Mereka berdua memilih menggunakan motor untuk pergi ke kedai sate madura kesukaan Erbio, Vee memang memintanya, karena sudah lama sekali Vee tidak menikmati berkendara dengan motor. Itu, karena motrnya rusak dan tidak bisa di gunakan lagi. Vee sangat menyukai menaiki motor dari pada mobil, dia bisa menikmati terpaan angin sejuk di wajahnya.

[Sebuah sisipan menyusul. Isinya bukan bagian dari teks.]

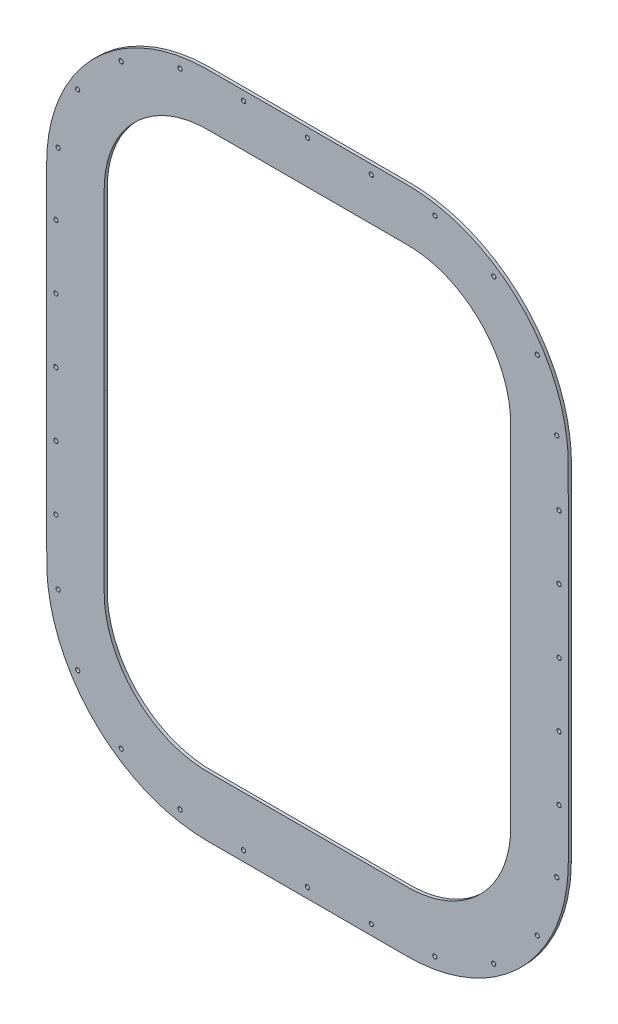
from build123d import *

# Parameters (mm, degrees)
EXTRUDE_1_DEPTH = 4


with BuildPart() as part:
    # Model → Бобышка-Вытянуть1 (new body)
    with BuildSketch(Plane.XY):
        with BuildLine():
            add(Edge.make_bspline(
                [(686.79903265, 219.435095571), (686.801471574, 233.710822805), (686.799796508, 247.986549765), (686.799693819, 276.538003981), (686.800054944, 290.813731085), (686.800062362, 333.640912407), (686.79998244, 362.192366622), (686.799968233, 447.846729266), (686.800032272, 504.949637696), (686.799998033, 590.619212881), (686.799984126, 619.185879641), (686.800004155, 654.894213078), (686.803094929, 662.03590296), (686.798415235, 670.962957183), (686.777172726, 672.748258396), (686.685899664, 676.317944766), (686.617565487, 678.101551055), (686.344461131, 683.450814472), (686.072136738, 687.00677774), (684.256643142, 704.768575572), (681.362249708, 718.793821863), (672.786503269, 746.043387423), (667.12629412, 759.199874441), (653.241191579, 784.166729827), (645.050169816, 795.916181646), (626.424351628, 817.579742508), (616.051023033, 827.425111673), (593.440710518, 844.892660865), (581.272176642, 852.454767545), (555.563225467, 865.000542833), (542.066845447, 869.951118157), (514.3075967, 877.00391814), (500.089153855, 879.096160255), (483.993146605, 879.789498154), (482.146292014, 879.843981489), (478.691016285, 879.904715907), (477.632260397, 879.905743494), (472.804663661, 879.905123625), (468.903336119, 879.905483704), (458.163406683, 879.905514761), (451.003453726, 879.905520494), (429.523594855, 879.905518157), (415.20368894, 879.905499555), (343.604159369, 879.905483646), (286.324535712, 879.905747584), (225.47219111, 879.905283517), (221.89946981, 879.905153046), (217.433569075, 879.905234528), (216.540398183, 879.908122082), (214.754026754, 879.896723484), (213.860933019, 879.886817803), (211.181750852, 879.837588571), (209.396765235, 879.781834933), (200.473365208, 879.388318468), (193.362393768, 878.70749377), (172.156128166, 875.572295263), (158.290723249, 872.041115037), (131.458468929, 862.195415115), (118.600361788, 855.921296787), (94.322258209, 840.841347264), (82.97329922, 832.074248392), (62.244802154, 812.400835304), (52.9194129, 801.552840549), (36.577247232, 778.110035589), (29.624529656, 765.609070045), (18.331446385, 739.359778286), (14.03388118, 725.707906682), (8.259345446, 697.722605973), (6.798204201, 683.447731688), (6.800000054, 669.159812492)],
                knots=[1370.97340501, 1370.97340501, 1370.97340501, 1370.97340501, 1413.74012173, 1413.74012173, 1456.50683845, 1456.50683845, 1542.04027189, 1542.04027189, 1713.10713877, 1713.10713877, 1798.686145398, 1798.686145398, 1820.080897055, 1820.080897055, 1825.429584969, 1825.429584969, 1830.778272883, 1830.778272883, 1841.475648712, 1841.475648712, 1884.265152026, 1884.265152026, 1927.054655339, 1927.054655339, 1969.844158653, 1969.844158653, 2012.633661967, 2012.633661967, 2055.423165281, 2055.423165281, 2098.311407557, 2098.311407557, 2141.199649833, 2141.199649833, 2146.560680117, 2146.560680117, 2151.921710402, 2151.921710402, 2162.643770971, 2162.643770971, 2184.087892109, 2184.087892109, 2226.976134385, 2226.976134385, 2398.529103488, 2398.529103488, 2409.229433669, 2409.229433669, 2411.904516214, 2411.904516214, 2414.579598759, 2414.579598759, 2419.92976385, 2419.92976385, 2441.330424212, 2441.330424212, 2484.131744935, 2484.131744935, 2526.933065659, 2526.933065659, 2569.734386383, 2569.734386383, 2612.535707106, 2612.535707106, 2655.33702783, 2655.33702783, 2698.138348553, 2698.138348553, 2740.939669277, 2740.939669277, 2740.939669277, 2740.939669277], degree=3))
            add(Edge.make_bspline(
                [(6.800000054, 669.159812492), (6.800000052, 554.953992939), (6.800000064, 440.748173386), (6.800000065, 297.972014993), (6.800002007, 269.401676152), (6.799999815, 237.260044957), (6.799976961, 233.688752602), (6.799965846, 226.546167892), (6.798811526, 222.974727472), (6.802551566, 212.261299053), (7.161670273, 205.163999326), (9.335707046, 183.846146673), (12.233294719, 169.790189422), (20.808315362, 142.535856727), (26.469921657, 129.371468925), (36.886789771, 110.644641399), (40.651222618, 104.616208217), (48.821585477, 92.896367332), (53.176222082, 87.27963982), (67.147740829, 71.028967324), (77.523248196, 61.182367628), (100.139222525, 43.714897653), (112.320449161, 36.147734993), (138.040848463, 23.604414434), (151.543512394, 18.655164261), (172.372718421, 13.368309255), (179.362263869, 11.971402257), (193.53635422, 9.888100577), (200.631941496, 9.2149444), (209.57822955, 8.827831841), (211.423025702, 8.77291108), (214.8870471, 8.711495234), (215.904356708, 8.710739001), (220.630646515, 8.711876811), (224.587674201, 8.711222269), (235.332483269, 8.711159611), (242.495689315, 8.711133699), (263.985307451, 8.71108877), (278.311719542, 8.711102561), (349.943779995, 8.711193276), (407.249428358, 8.711068856), (468.137306279, 8.711191166), (471.738896962, 8.71126918), (477.083036636, 8.711178142), (478.213059417, 8.708891428), (481.441211907, 8.756565881), (483.365339667, 8.806326807), (492.313637777, 9.164819699), (499.415687529, 9.816461833), (513.593463849, 11.85502666), (520.593513288, 13.23087233), (534.48754909, 16.712896814), (541.309582069, 18.798975661), (561.507615986, 26.12504965), (574.438657871, 32.38114517), (598.826725282, 47.423771888), (610.220134107, 56.175523364), (631.053585366, 75.845469596), (640.444817944, 86.724454426), (656.870507841, 110.19852736), (663.880519551, 122.76357344), (675.223995329, 149.072040629), (679.547566955, 162.782857938), (683.892752152, 183.825114761), (684.977886456, 190.868098881), (686.071368565, 201.555237786), (686.344546564, 205.12148439), (686.61831603, 210.486107497), (686.686774203, 212.274800581), (686.77810648, 215.854731703), (686.798726751, 217.644583058), (686.79903265, 219.435095571)],
                knots=[0, 0, 0, 0, 342.110543955, 342.110543955, 427.694747981, 427.694747981, 438.392773485, 438.392773485, 449.090798988, 449.090798988, 470.486849995, 470.486849995, 513.278952008, 513.278952008, 556.071054021, 556.071054021, 577.467105027, 577.467105027, 598.863156034, 598.863156034, 641.655258047, 641.655258047, 684.44736006, 684.44736006, 727.351485227, 727.351485227, 748.80354781, 748.80354781, 770.255610394, 770.255610394, 775.618626039, 775.618626039, 780.981641685, 780.981641685, 791.707672977, 791.707672977, 813.15973556, 813.15973556, 856.063860727, 856.063860727, 1027.680361394, 1027.680361394, 1038.408269007, 1038.408269007, 1043.772222814, 1043.772222814, 1049.13617662, 1049.13617662, 1070.591991846, 1070.591991846, 1092.047807072, 1092.047807072, 1113.503622298, 1113.503622298, 1156.41525275, 1156.41525275, 1199.326883202, 1199.326883202, 1242.238513654, 1242.238513654, 1285.150144106, 1285.150144106, 1328.061774558, 1328.061774558, 1349.517589784, 1349.517589784, 1360.245497397, 1360.245497397, 1365.609451204, 1365.609451204, 1370.97340501, 1370.97340501, 1370.97340501, 1370.97340501], degree=3))
        make_face()
        with BuildLine():
            add(Edge.make_bspline(
                [(611.800005283, 449.694859246), (611.800005277, 402.179111379), (611.799999115, 354.663363511), (611.800001907, 283.38974171), (611.800000229, 259.631867776), (611.800000023, 232.904259601), (611.800170703, 229.934525303), (611.799903097, 225.479924029), (611.800509814, 223.971079763), (611.799883027, 221.05385288), (611.787373905, 219.81352136), (611.574885277, 212.400970284), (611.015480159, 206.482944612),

“Kamu suka yang meluk aku terus?” tanya Erbio membuat Vee tersadar mereka sudah sampai di kedai sate. Vee melihat tangannya yang masih melingkar di perut Erbio, dia langsung menarik tangannya dan turun dari motor.


“Siap, Cak!” balasnya.


“Kenapa banyak sekali pesannya?” tanya Vee saat mereka duduk di salah satu tempat kosong. Tempatnya cukup luas dan pengunjungnya sangat ramai membuat Vee penasaran dengan rasa sate yang di jual di kedai ini.


“Kamu satu porsi dan aku dua porsi!” balas Erbio yang memakan kerupuk yang di sediakan di atas meja, Vee mengerjap tak pecaya dengan kalimat Erbio.


“Memangnya masih muat?” tanya Vee membuat Erbio tertawa kecil dan kembali melahap kerupuk di bungkus ke tiganya. Vee menatap ngeri dengan nafsu makan Erbio yang semakin gila.


“Aku masih lapar, sayang,” jawab Erbio membuat Vee terdiam, jantungnya mulai lagi. Setiap Erbio memanggilnya dengan sebutan itu, jantungnya langsung bekerja lebih cepat dari biasanya.


“Selamat makan, sayang!” seru Erbio kepada Vee saat pesanannya datang, Erbio langsung melahap sate yang masih panas itu. Bahkan, saat Vee masih menghabiskan tiga tusuk, Erbio sudah beralih ke piring yang satunya. Vee benar-benar pusing memikirkannya.


Jangan berpikir Erbio benar-benar makan dua porsi sate. Itu semuanya salah besar, Erbio menambah lagi, dia memesan dua porsi lagi dan menghabiskannya tanpa sisa. Vee yang sudah kekenyangan tak menghabiskan satenya, sehingga Erbio yang menghabiskan sate Vee yang masih tersisa separuh itu. Erbio masih mengambil nafas, karena dia kekenyangan.


“Kita beli siomay di taman dekat sini, ya! Aku pengin makan siomay sambil minum es kelapa muda!” seru Erbio membuat Vee tersadar, ternyata Erbio sedang mengindam. Pastas saja nafsu makannya bertambah dan moodnya kadangan berubah. Vee tersenyum kecil dan menganggukkan kepalanya membuat Erbio tersenyum senang dan langsung melajukan motornya engan kecepatan menuju ke arah taman yang tidak terlalu jauh dari kedai sate ini.